RAMN: Resistant Automotive Miniature Network

A safe platform to study and research automotive systems

Camille Gay

Playlists: 'rc3' videos starting here / audio

Studying automotive systems is often expensive and inconvenient, which prevents many people from getting started. To make research and education in automotive systems more accessible, we developed RAMN, an inexpensive open-source testbed that simulates a CAN/CAN-FD network of four Electronic Control Units. In our presentation, we introduce the testbed and demonstrate its use by experimenting with a simple Cruise Control algorithm in C, starting from establishing differential equations all the way to testing it in a driving simulator - all that using only open-source tools. We then use the result as a reference to explain what, concretely, would have been different on actual ECU hardware and software, and why that matters for security.

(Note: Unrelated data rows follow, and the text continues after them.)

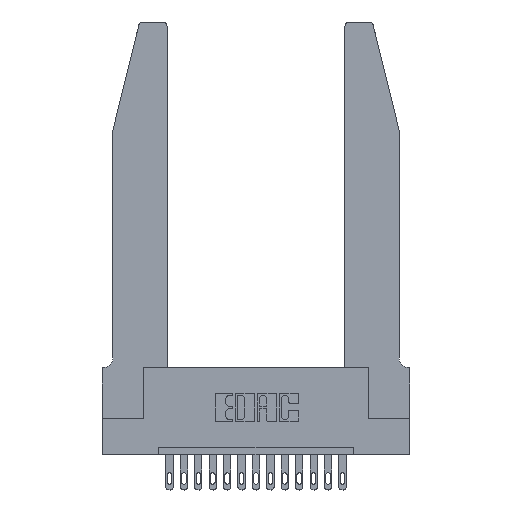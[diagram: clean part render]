
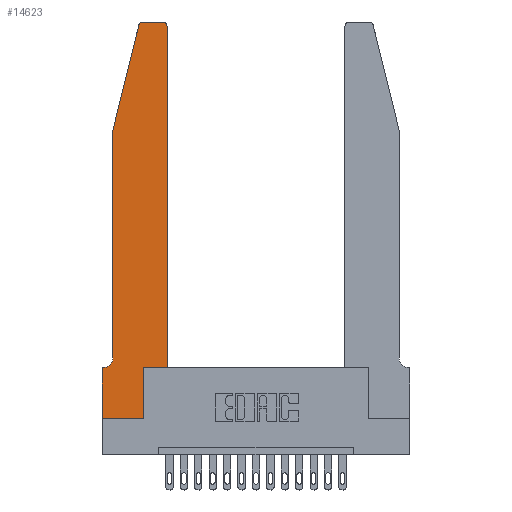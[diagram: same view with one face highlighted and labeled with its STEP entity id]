
A CAD part, top view. The second image highlights one B-rep face of the part: STEP entity #14623.
In plain terms, the highlighted planar face has unit normal (0, 0, 1).
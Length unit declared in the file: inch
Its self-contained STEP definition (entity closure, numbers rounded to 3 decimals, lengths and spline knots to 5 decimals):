
#198 = DIRECTION ( 'NONE',  ( 1., 0., 0. ) ) ;
#276 = ORIENTED_EDGE ( 'NONE', *, *, #12246, .T. ) ;
#342 = DIRECTION ( 'NONE',  ( 0., 0., -1. ) ) ;
#384 = ORIENTED_EDGE ( 'NONE', *, *, #4985, .T. ) ;
#456 = CARTESIAN_POINT ( 'NONE',  ( 0.0755, 2., 0.37 ) ) ;
#549 = EDGE_CURVE ( 'NONE', #15574, #3695, #13944, .T. ) ;
#674 = CARTESIAN_POINT ( 'NONE',  ( 0., 0., 0.37 ) ) ;
#927 = CARTESIAN_POINT ( 'NONE',  ( 0.0755, 2., 0.37 ) ) ;
#929 = EDGE_CURVE ( 'NONE', #7874, #4161, #5568, .T. ) ;
#1201 = CARTESIAN_POINT ( 'NONE',  ( 0., 0.35, 0.37 ) ) ;
#1515 = AXIS2_PLACEMENT_3D ( 'NONE', #8780, #342, #3359 ) ;
#1616 = CARTESIAN_POINT ( 'NONE',  ( 0.2865, 0.35, 0.37 ) ) ;
#1854 = CARTESIAN_POINT ( 'NONE',  ( 0.4205, 2.75, 0.37 ) ) ;
#1949 = VECTOR ( 'NONE', #10486, 39.37008 ) ;
#2090 = CARTESIAN_POINT ( 'NONE',  ( 0.4505, 0.35, 0.37 ) ) ;
#2099 = CARTESIAN_POINT ( 'NONE',  ( 0.2865, 0., 0.37 ) ) ;
#2143 = CARTESIAN_POINT ( 'NONE',  ( 0., 0., 0.37 ) ) ;
#2334 = LINE ( 'NONE', #1616, #6754 ) ;
#2523 = CARTESIAN_POINT ( 'NONE',  ( 0.284, 2.75, 0.37 ) ) ;
#2648 = DIRECTION ( 'NONE',  ( 0., 0., 1. ) ) ;
#3024 = CARTESIAN_POINT ( 'NONE',  ( 0.284, 2.72, 0.37 ) ) ;
#3300 = VECTOR ( 'NONE', #10341, 39.37008 ) ;
#3359 = DIRECTION ( 'NONE',  ( -1., 0., 0. ) ) ;
#3695 = VERTEX_POINT ( 'NONE', #456 ) ;
#3840 = VERTEX_POINT ( 'NONE', #14889 ) ;
#3846 = DIRECTION ( 'NONE',  ( 1., 0., 0. ) ) ;
#3910 = CARTESIAN_POINT ( 'NONE',  ( 0.4205, 2.72, 0.37 ) ) ;
#4161 = VERTEX_POINT ( 'NONE', #1854 ) ;
#4319 = DIRECTION ( 'NONE',  ( 0., 0., 1. ) ) ;
#4350 = VERTEX_POINT ( 'NONE', #9153 ) ;
#4369 = LINE ( 'NONE', #2143, #13199 ) ;
#4874 = AXIS2_PLACEMENT_3D ( 'NONE', #3910, #5467, #3846 ) ;
#4985 = EDGE_CURVE ( 'NONE', #14771, #16306, #8080, .T. ) ;
#5174 = DIRECTION ( 'NONE',  ( 0., 1., 0. ) ) ;
#5467 = DIRECTION ( 'NONE',  ( 0., 0., 1. ) ) ;
#5568 = CIRCLE ( 'NONE', #4874, 0.03 ) ;
#5830 = ORIENTED_EDGE ( 'NONE', *, *, #12305, .T. ) ;
#6412 = DIRECTION ( 'NONE',  ( -0.239, -0.971, 0. ) ) ;
#6754 = VECTOR ( 'NONE', #10136, 39.37008 ) ;
#7013 = VECTOR ( 'NONE', #17474, 39.37008 ) ;
#7104 = ORIENTED_EDGE ( 'NONE', *, *, #10531, .T. ) ;
#7153 = ORIENTED_EDGE ( 'NONE', *, *, #10606, .T. ) ;
#7395 = CARTESIAN_POINT ( 'NONE',  ( 0.2605, 2.75, 0.37 ) ) ;
#7637 = VECTOR ( 'NONE', #13846, 39.37008 ) ;
#7784 = ORIENTED_EDGE ( 'NONE', *, *, #11230, .T. ) ;
#7874 = VERTEX_POINT ( 'NONE', #14127 ) ;
#8080 = CIRCLE ( 'NONE', #1515, 0.07 ) ;
#8556 = EDGE_LOOP ( 'NONE', ( #15349, #276, #9466, #5830, #384, #7153, #11290, #7104, #10532, #7784, #11222, #16174 ) ) ;
#8623 = VERTEX_POINT ( 'NONE', #16939 ) ;
#8780 = CARTESIAN_POINT ( 'NONE',  ( 0.0055, 0.42, 0.37 ) ) ;
#9118 = CARTESIAN_POINT ( 'NONE',  ( 0., 0., 0.37 ) ) ;
#9153 = CARTESIAN_POINT ( 'NONE',  ( 0., 0.35, 0.37 ) ) ;
#9395 = CARTESIAN_POINT ( 'NONE',  ( 0.0055, 0.35, 0.37 ) ) ;
#9466 = ORIENTED_EDGE ( 'NONE', *, *, #549, .T. ) ;
#9691 = PLANE ( 'NONE',  #15963 ) ;
#10027 = VERTEX_POINT ( 'NONE', #2523 ) ;
#10136 = DIRECTION ( 'NONE',  ( 0., 1., 0. ) ) ;
#10218 = AXIS2_PLACEMENT_3D ( 'NONE', #3024, #4319, #198 ) ;
#10341 = DIRECTION ( 'NONE',  ( 0., -1., 0. ) ) ;
#10382 = EDGE_CURVE ( 'NONE', #4161, #10027, #16343, .T. ) ;
#10486 = DIRECTION ( 'NONE',  ( -1., 0., 0. ) ) ;
#10516 = VERTEX_POINT ( 'NONE', #674 ) ;
#10531 = EDGE_CURVE ( 'NONE', #10516, #10701, #4369, .T. ) ;
#10532 = ORIENTED_EDGE ( 'NONE', *, *, #12734, .T. ) ;
#10556 = EDGE_CURVE ( 'NONE', #8623, #7874, #16997, .T. ) ;
#10606 = EDGE_CURVE ( 'NONE', #16306, #4350, #14995, .T. ) ;
#10628 = CARTESIAN_POINT ( 'NONE',  ( 0.0755, 0.35, 0.37 ) ) ;
#10701 = VERTEX_POINT ( 'NONE', #2099 ) ;
#10914 = FACE_OUTER_BOUND ( 'NONE', #8556, .T. ) ;
#11222 = ORIENTED_EDGE ( 'NONE', *, *, #10556, .T. ) ;
#11230 = EDGE_CURVE ( 'NONE', #3840, #8623, #12950, .T. ) ;
#11290 = ORIENTED_EDGE ( 'NONE', *, *, #16691, .T. ) ;
#11729 = LINE ( 'NONE', #16601, #7637 ) ;
#12246 = EDGE_CURVE ( 'NONE', #10027, #15574, #15626, .T. ) ;
#12305 = EDGE_CURVE ( 'NONE', #3695, #14771, #11729, .T. ) ;
#12549 = VECTOR ( 'NONE', #13248, 39.37008 ) ;
#12620 = VECTOR ( 'NONE', #6412, 39.37008 ) ;
#12734 = EDGE_CURVE ( 'NONE', #10701, #3840, #2334, .T. ) ;
#12950 = LINE ( 'NONE', #2090, #7013 ) ;
#13199 = VECTOR ( 'NONE', #13236, 39.37008 ) ;
#13236 = DIRECTION ( 'NONE',  ( 1., 0., 0. ) ) ;
#13248 = DIRECTION ( 'NONE',  ( -1., 0., 0. ) ) ;
#13846 = DIRECTION ( 'NONE',  ( 0., -1., 0. ) ) ;
#13921 = DIRECTION ( 'NONE',  ( 1., 0., 0. ) ) ;
#13944 = LINE ( 'NONE', #927, #12620 ) ;
#14127 = CARTESIAN_POINT ( 'NONE',  ( 0.4505, 2.72, 0.37 ) ) ;
#14444 = CARTESIAN_POINT ( 'NONE',  ( 0.25487, 2.72718, 0.37 ) ) ;
#14623 = ADVANCED_FACE ( 'NONE', ( #10914 ), #9691, .T. ) ;
#14769 = VECTOR ( 'NONE', #5174, 39.37008 ) ;
#14771 = VERTEX_POINT ( 'NONE', #16984 ) ;
#14889 = CARTESIAN_POINT ( 'NONE',  ( 0.2865, 0.35, 0.37 ) ) ;
#14995 = LINE ( 'NONE', #10628, #1949 ) ;
#15349 = ORIENTED_EDGE ( 'NONE', *, *, #10382, .T. ) ;
#15574 = VERTEX_POINT ( 'NONE', #14444 ) ;
#15626 = CIRCLE ( 'NONE', #10218, 0.03 ) ;
#15963 = AXIS2_PLACEMENT_3D ( 'NONE', #1201, #2648, #13921 ) ;
#16174 = ORIENTED_EDGE ( 'NONE', *, *, #929, .T. ) ;
#16306 = VERTEX_POINT ( 'NONE', #9395 ) ;
#16334 = LINE ( 'NONE', #9118, #3300 ) ;
#16343 = LINE ( 'NONE', #7395, #12549 ) ;
#16601 = CARTESIAN_POINT ( 'NONE',  ( 0.0755, 2., 0.37 ) ) ;
#16691 = EDGE_CURVE ( 'NONE', #4350, #10516, #16334, .T. ) ;
#16939 = CARTESIAN_POINT ( 'NONE',  ( 0.4505, 0.35, 0.37 ) ) ;
#16984 = CARTESIAN_POINT ( 'NONE',  ( 0.0755, 0.42, 0.37 ) ) ;
#16997 = LINE ( 'NONE', #17838, #14769 ) ;
#17474 = DIRECTION ( 'NONE',  ( 1., 0., 0. ) ) ;
#17838 = CARTESIAN_POINT ( 'NONE',  ( 0.4505, 0.35, 0.37 ) ) ;

1) Introduction and motivations (~10 minutes)

We briefly introduce the basics of automotive systems (ECU networks, CAN/CAN-FD), the importance of education and research in automotive security, and our motivations for designing a new testbed.

2) RAMN Introduction (~20 minutes)

In this section, we introduce our new platform. RAMN is an inexpensive CAN/CAN-FD network of four Electronic Control Units (ECU) that can be programmed to simulate an active automotive network in closed-loop with the open-source autonomous driving simulator CARLA. It has the size of a credit card, is powered over USB, and can be recognized as a standard USB-to-CAN adapter. It is contained within one PCB, using only two layers and hand-solderable components. We show several demonstrations, then give details about the hardware (made with KiCAD) and the software (based on STM32 HAL and freeRTOS).

3) Experiments (~10 minutes)

We use Cruise Control as an example algorithm to experiment with, using RAMN and other open-source tools. We analyze the problem, evaluate differential equations using Scilab, establish different control strategies, implement them in C in one of the ECUs and verify the results by connecting RAMN to the driving simulator CARLA, while making measurements on the CAN bus using BUSMASTER.

4) Automotive Grade (~10 minutes)

We use the results of the previous section as a reference to explain what, concretely, would have been different with real ECU hardware and software. We discuss what drives the design of automotive systems, introducing important standards such as ISO26262 and MISRA-C. We explain what alternatives are available to researchers when technologies are hidden behind NDAs or prohibitive costs - and how RAMN makes use of them.

5) Automotive Security (~10 minutes)

We use the content of the sections above to discuss automotive security, using RAMN to show demonstrations of potential activities.